La souffrance actuelle dans ce monde vient de ce que l’humain s’imagine qu’il est l’auteur de ses actes [flagrant dans le capitalisme et ses « droits d’auteurs »]. « Mais c’est une erreur. C’est le Pouvoir supérieur qui fait toutes choses et l’homme n’est qu’un instrument. S’il accepte cette position, il est libre de toute ennui ; sinon il les invite.
Prenez, par exemple, une figure sculptée sur un gopuram [tour située à l’entrée d’un temple dans l’Inde du Sud] qui donne l’impression de porter le poids de la tour sur ses épaules. Son attitude, son regard donnent l’impression d’un effort considérable. Mais réfléchissez. la tour est bâtie sur la terre et repose sur ses propres fondations. Le personnage (tel atlas portant la Terre) fait partie de la tour, mais il est fait de telle sorte qu’il semble la soutenir. N’est-ce pas drôle ? Il en va de même pour l’homme qui garde le sentiment d’être l’auteur de ses actes » (Ramama Maharshi, entretien 63).
Même entretien : « L’ignorance du Soi est responsable de la souffrance présente ; la connaissance du Soi apporte le bonheur. […] Les efforts de l’homme sont donc dirigés vers la disparition de l’ignorance [pas actuellement avec le capitalisme qui amplifie la souffrance]. La Sagesse semble survenir, alors qu’elle est naturelle et toujours présente [c’est moi qui souligne, car pas de but à atteindre] ».

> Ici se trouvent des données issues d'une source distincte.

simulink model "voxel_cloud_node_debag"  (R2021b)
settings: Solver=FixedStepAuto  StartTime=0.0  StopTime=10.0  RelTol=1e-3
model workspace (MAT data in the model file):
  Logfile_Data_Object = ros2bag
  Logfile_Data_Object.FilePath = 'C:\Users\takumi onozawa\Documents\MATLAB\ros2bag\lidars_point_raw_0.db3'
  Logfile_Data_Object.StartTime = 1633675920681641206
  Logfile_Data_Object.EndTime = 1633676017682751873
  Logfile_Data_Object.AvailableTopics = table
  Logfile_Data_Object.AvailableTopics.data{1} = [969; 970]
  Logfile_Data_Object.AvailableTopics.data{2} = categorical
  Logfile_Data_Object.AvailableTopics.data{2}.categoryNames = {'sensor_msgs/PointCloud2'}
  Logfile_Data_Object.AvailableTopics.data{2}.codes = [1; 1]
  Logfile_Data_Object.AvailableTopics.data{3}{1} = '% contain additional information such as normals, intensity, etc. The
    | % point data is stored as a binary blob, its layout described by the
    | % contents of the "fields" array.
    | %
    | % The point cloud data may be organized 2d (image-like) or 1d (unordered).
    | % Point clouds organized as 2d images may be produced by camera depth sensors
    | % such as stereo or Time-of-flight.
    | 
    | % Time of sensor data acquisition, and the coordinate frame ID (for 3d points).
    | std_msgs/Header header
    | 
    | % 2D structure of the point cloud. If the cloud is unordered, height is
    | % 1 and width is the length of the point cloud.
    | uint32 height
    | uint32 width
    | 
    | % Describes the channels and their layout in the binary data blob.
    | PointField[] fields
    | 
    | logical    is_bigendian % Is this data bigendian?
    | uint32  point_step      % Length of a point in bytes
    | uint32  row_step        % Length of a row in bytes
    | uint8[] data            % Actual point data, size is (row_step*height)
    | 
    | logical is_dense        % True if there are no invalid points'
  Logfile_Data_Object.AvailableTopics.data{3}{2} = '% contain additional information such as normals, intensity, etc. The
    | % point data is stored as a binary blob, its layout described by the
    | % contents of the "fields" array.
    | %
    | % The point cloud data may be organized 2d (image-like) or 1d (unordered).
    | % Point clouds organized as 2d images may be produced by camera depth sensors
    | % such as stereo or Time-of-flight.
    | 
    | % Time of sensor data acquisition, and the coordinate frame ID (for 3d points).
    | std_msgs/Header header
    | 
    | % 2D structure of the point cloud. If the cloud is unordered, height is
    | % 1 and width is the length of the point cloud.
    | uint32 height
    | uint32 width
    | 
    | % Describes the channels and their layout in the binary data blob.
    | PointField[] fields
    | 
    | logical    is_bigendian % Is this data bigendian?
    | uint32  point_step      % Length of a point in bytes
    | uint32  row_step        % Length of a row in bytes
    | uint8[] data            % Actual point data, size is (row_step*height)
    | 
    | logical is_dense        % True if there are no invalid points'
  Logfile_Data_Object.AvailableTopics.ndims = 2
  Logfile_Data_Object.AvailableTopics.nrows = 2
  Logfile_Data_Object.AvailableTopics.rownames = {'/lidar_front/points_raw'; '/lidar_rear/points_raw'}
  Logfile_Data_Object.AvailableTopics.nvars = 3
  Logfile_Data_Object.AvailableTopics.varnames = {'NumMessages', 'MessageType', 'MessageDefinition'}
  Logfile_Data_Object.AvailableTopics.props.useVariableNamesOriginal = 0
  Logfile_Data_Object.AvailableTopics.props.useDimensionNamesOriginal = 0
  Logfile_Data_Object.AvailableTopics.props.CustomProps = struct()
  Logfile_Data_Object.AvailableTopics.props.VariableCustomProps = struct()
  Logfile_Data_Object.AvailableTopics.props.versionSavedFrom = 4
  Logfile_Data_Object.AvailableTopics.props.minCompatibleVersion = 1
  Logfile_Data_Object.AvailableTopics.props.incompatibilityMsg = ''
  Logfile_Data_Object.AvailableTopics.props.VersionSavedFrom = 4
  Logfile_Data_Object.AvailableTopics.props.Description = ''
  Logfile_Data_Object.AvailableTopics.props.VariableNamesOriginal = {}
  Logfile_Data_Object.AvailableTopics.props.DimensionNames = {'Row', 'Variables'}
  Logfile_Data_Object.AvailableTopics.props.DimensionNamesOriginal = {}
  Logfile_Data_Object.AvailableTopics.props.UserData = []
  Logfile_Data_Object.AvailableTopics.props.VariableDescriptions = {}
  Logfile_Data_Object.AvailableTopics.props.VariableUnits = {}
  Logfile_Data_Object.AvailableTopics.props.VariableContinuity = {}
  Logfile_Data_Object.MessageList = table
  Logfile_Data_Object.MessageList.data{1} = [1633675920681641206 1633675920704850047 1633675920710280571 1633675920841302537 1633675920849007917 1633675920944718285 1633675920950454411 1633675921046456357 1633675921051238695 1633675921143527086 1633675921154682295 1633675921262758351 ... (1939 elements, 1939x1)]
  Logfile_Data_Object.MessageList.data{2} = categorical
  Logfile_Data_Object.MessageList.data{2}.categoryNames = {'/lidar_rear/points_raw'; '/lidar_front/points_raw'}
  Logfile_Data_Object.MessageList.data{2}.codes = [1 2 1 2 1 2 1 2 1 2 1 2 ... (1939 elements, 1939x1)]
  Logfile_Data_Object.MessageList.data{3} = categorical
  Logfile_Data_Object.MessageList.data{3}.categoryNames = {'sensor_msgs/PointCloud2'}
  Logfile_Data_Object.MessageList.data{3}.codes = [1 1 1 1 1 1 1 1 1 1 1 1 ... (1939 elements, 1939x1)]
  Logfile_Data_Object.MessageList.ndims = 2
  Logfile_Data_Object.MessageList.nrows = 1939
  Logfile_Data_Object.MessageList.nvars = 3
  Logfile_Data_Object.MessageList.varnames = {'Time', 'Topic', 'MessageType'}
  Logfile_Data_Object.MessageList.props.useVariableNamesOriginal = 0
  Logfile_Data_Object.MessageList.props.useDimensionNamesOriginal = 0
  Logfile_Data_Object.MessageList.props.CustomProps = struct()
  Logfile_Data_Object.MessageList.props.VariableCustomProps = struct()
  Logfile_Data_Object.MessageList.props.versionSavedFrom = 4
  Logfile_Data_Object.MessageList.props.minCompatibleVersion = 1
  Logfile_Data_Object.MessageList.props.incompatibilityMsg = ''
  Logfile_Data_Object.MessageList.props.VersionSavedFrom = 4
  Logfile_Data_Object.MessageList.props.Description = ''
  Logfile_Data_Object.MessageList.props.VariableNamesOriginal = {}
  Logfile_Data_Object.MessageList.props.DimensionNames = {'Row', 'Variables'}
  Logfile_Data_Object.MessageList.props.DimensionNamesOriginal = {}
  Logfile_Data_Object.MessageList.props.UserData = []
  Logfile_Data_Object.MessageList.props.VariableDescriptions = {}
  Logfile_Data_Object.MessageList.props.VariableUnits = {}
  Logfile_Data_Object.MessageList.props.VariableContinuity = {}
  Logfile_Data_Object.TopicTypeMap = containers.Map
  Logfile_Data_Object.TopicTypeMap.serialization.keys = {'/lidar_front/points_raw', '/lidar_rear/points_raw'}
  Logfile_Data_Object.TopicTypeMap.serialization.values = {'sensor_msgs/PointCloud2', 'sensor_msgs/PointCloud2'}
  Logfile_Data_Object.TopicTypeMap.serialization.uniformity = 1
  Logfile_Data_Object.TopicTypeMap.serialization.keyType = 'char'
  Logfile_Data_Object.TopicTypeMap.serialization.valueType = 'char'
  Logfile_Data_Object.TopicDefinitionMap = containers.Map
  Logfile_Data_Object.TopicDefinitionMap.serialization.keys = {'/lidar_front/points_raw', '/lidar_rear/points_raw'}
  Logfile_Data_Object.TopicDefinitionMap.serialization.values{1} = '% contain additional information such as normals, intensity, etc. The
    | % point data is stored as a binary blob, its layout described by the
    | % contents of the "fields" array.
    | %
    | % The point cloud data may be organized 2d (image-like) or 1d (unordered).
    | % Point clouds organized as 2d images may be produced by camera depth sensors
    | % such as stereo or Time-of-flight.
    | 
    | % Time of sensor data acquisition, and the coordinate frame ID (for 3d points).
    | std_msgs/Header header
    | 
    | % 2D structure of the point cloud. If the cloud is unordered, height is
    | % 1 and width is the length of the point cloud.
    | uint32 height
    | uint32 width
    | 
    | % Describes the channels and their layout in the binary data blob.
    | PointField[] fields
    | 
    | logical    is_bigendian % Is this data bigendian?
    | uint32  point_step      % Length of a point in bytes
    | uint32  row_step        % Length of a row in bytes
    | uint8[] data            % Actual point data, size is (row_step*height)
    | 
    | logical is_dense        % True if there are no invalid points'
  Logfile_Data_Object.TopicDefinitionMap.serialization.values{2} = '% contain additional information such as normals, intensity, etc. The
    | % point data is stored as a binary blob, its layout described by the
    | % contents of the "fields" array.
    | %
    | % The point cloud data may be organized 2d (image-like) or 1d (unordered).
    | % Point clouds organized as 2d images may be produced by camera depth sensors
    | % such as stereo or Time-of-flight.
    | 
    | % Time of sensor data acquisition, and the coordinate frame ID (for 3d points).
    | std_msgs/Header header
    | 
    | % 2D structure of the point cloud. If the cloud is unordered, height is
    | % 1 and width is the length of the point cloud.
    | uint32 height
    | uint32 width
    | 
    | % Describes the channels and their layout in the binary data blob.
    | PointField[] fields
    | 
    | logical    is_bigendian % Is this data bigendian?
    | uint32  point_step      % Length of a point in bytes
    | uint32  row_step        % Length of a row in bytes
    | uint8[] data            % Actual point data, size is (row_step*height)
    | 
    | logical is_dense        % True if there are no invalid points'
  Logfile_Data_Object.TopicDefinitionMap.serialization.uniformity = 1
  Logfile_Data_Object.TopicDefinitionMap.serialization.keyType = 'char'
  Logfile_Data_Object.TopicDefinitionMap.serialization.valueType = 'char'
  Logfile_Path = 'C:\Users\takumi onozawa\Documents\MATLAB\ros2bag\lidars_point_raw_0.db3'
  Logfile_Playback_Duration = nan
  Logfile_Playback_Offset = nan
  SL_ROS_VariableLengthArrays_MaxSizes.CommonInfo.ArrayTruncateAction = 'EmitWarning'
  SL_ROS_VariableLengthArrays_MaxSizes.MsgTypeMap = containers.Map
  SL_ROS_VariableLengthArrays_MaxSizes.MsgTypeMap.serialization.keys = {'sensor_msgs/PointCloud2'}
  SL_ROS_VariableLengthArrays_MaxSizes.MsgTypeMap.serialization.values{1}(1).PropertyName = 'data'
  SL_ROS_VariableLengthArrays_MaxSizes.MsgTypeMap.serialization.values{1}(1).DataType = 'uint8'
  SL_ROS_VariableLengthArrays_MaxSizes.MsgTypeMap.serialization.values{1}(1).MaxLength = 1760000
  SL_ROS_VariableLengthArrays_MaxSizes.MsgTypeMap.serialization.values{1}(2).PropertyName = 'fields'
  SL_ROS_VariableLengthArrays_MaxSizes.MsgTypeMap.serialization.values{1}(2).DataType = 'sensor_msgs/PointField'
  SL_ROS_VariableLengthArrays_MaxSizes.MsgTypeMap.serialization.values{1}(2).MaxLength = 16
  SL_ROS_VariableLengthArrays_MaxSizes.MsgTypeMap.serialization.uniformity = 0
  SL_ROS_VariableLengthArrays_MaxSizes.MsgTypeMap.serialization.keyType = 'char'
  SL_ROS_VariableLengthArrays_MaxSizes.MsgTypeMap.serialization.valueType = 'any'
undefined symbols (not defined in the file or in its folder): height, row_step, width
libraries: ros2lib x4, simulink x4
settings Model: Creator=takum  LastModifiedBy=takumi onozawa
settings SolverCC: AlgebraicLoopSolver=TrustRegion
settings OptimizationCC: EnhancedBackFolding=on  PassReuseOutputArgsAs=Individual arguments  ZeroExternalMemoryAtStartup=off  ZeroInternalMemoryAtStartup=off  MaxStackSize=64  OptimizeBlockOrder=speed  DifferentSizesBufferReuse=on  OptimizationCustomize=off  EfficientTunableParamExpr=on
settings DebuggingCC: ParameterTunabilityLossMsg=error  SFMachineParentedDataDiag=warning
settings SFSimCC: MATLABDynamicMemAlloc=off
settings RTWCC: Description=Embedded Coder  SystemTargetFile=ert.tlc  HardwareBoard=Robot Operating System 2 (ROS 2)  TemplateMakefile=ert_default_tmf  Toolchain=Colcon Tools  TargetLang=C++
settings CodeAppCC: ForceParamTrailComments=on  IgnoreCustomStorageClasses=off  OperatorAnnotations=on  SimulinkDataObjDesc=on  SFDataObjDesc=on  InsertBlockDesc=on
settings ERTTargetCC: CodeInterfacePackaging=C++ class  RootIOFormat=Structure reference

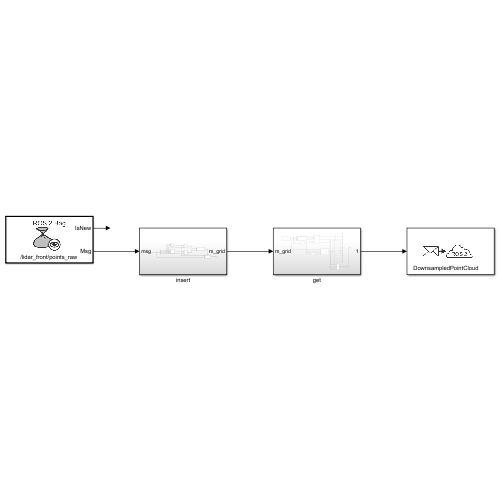
[thumbnail: Simulink's stored preview of the top-level diagram]
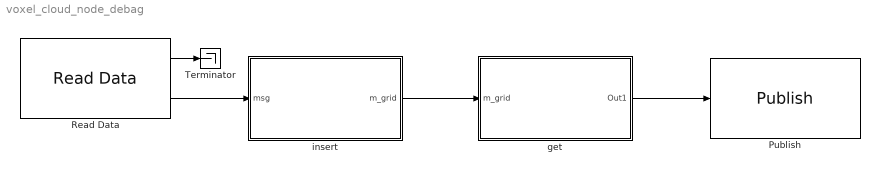
== system voxel_cloud_node_debag ==
  Publish : ros2lib/Publish  topicSource=Specify your own  topic=DownsampledPointCloud  messageType=sensor_msgs/PointCloud2  QOSHistory=Keep last  QOSDepth=1  QOSReliability=Reliable  QOSDurability=Volatile
      settings: SourceProductBaseCode=RR
  Read Data : ros2lib/Read Data  topic=/lidar_front/points_raw  sampleTime=-1  logfileType=rosbag2  modelName=voxel_cloud_node_debag  msgType=sensor_msgs/PointCloud2
      settings: SourceProductBaseCode=RR
  Terminator : Terminator
  get : Subsystem
  insert : Subsystem
  wires:
  Read Data/1 -> Terminator/1
  Read Data/2 -> insert/1(msg)
  get/1(Out1) -> Publish/1
  insert/1(m_grid) -> get/1(m_grid)

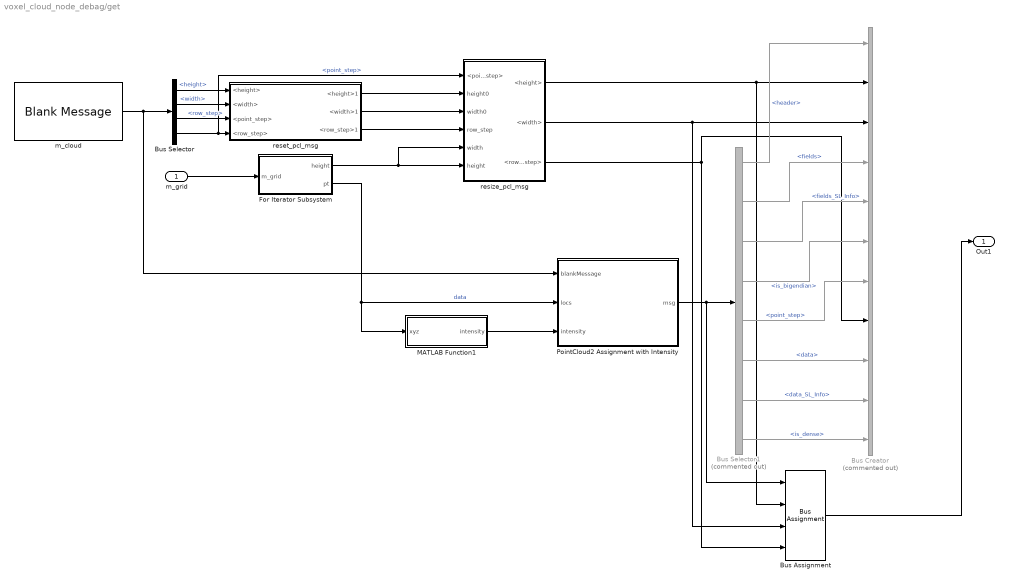
== system voxel_cloud_node_debag/get ==
  m_grid : Inport
  Bus Assignment : BusAssignment  AssignedSignals=height,width,row_step
  Bus Creator : BusCreator  Commented=on  Inputs=11
  Bus Selector : BusSelector  OutputSignals=height,width,row_step,point_step
  Bus Selector1 : BusSelector  Commented=on  OutputSignals=header,fields,fields_SL_Info,is_bigendian,point_step,data,data_SL_Info,is_dense
  For Iterator Subsystem : Subsystem  TreatAsAtomicUnit=on
  MATLAB Function1 : MATLAB Function  TreatAsAtomicUnit=on
  PointCloud2 Assignment with Intensity : MATLAB Function  TreatAsAtomicUnit=on
  m_cloud : ros2lib/Blank Message  messageClass=Message  entityType=sensor_msgs/PointCloud2  messageType=sensor_msgs/PointCloud2  SampleTime=inf
      settings: SourceProductBaseCode=RR
  reset_pcl_msg : Subsystem
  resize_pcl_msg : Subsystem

SOUFFRANCE OU SACRIFICE : renoncement ou Putréfaction par rapport aux l(b)iens terrestres par FIDÈLES D’A-MOR à la Divinité.

ACCIDENTS : Guerre organique/accidents : celle que se font entre eux les peuples et les microbes. « Réveillez-vous/Toujours en “guerre” » (Jabir).

« Les mondes du Désir, de la Forme
ET du Sans-Forme, ainsi que le nirvana,
Se trouvent en chaque individu et constituent
Le champ d’expérience de son esprit.

L’erreur se perpétuera
Tant qu’il existera des réalités.
Dès que vous aurez compris ce qu’est
Votre esprit [votre Soi], vous ne vous tromperez plus.

Le mental libéré
Est éternel et vrai [le Soi] ;
Nature de bouddha et nature des choses;
L’Ainsité est libre des idées fictives.

Les souillures peuvent apparaître
Parce que l’esprit est très-pur ;
Sans pureté, pas de souillure.
La vraie pureté est la sphère des êtres sublimes.

Le monde naît de cause
Et se développe à coups d’idées fictives.
Voyez-le comme un rêve ou une illusion magique
Et vous serez libres ».
(Stances du Lankâvatâra)

« Conscience du Christ et Réalisation du Soi sont une seule et même chose [et abolition de la souffrance] », dit le Maharshi à l’entretien 88.

Ce monde des accidents. Accidents qui sont maintenant « raccommodés » par l’argent, donc SOUMISSION ABSOLUE À L’ARGENT (« l’autre face de Dieu », comme l’écrit Jacques Attali page 693 de : Les Juifs, le monde et l’argent).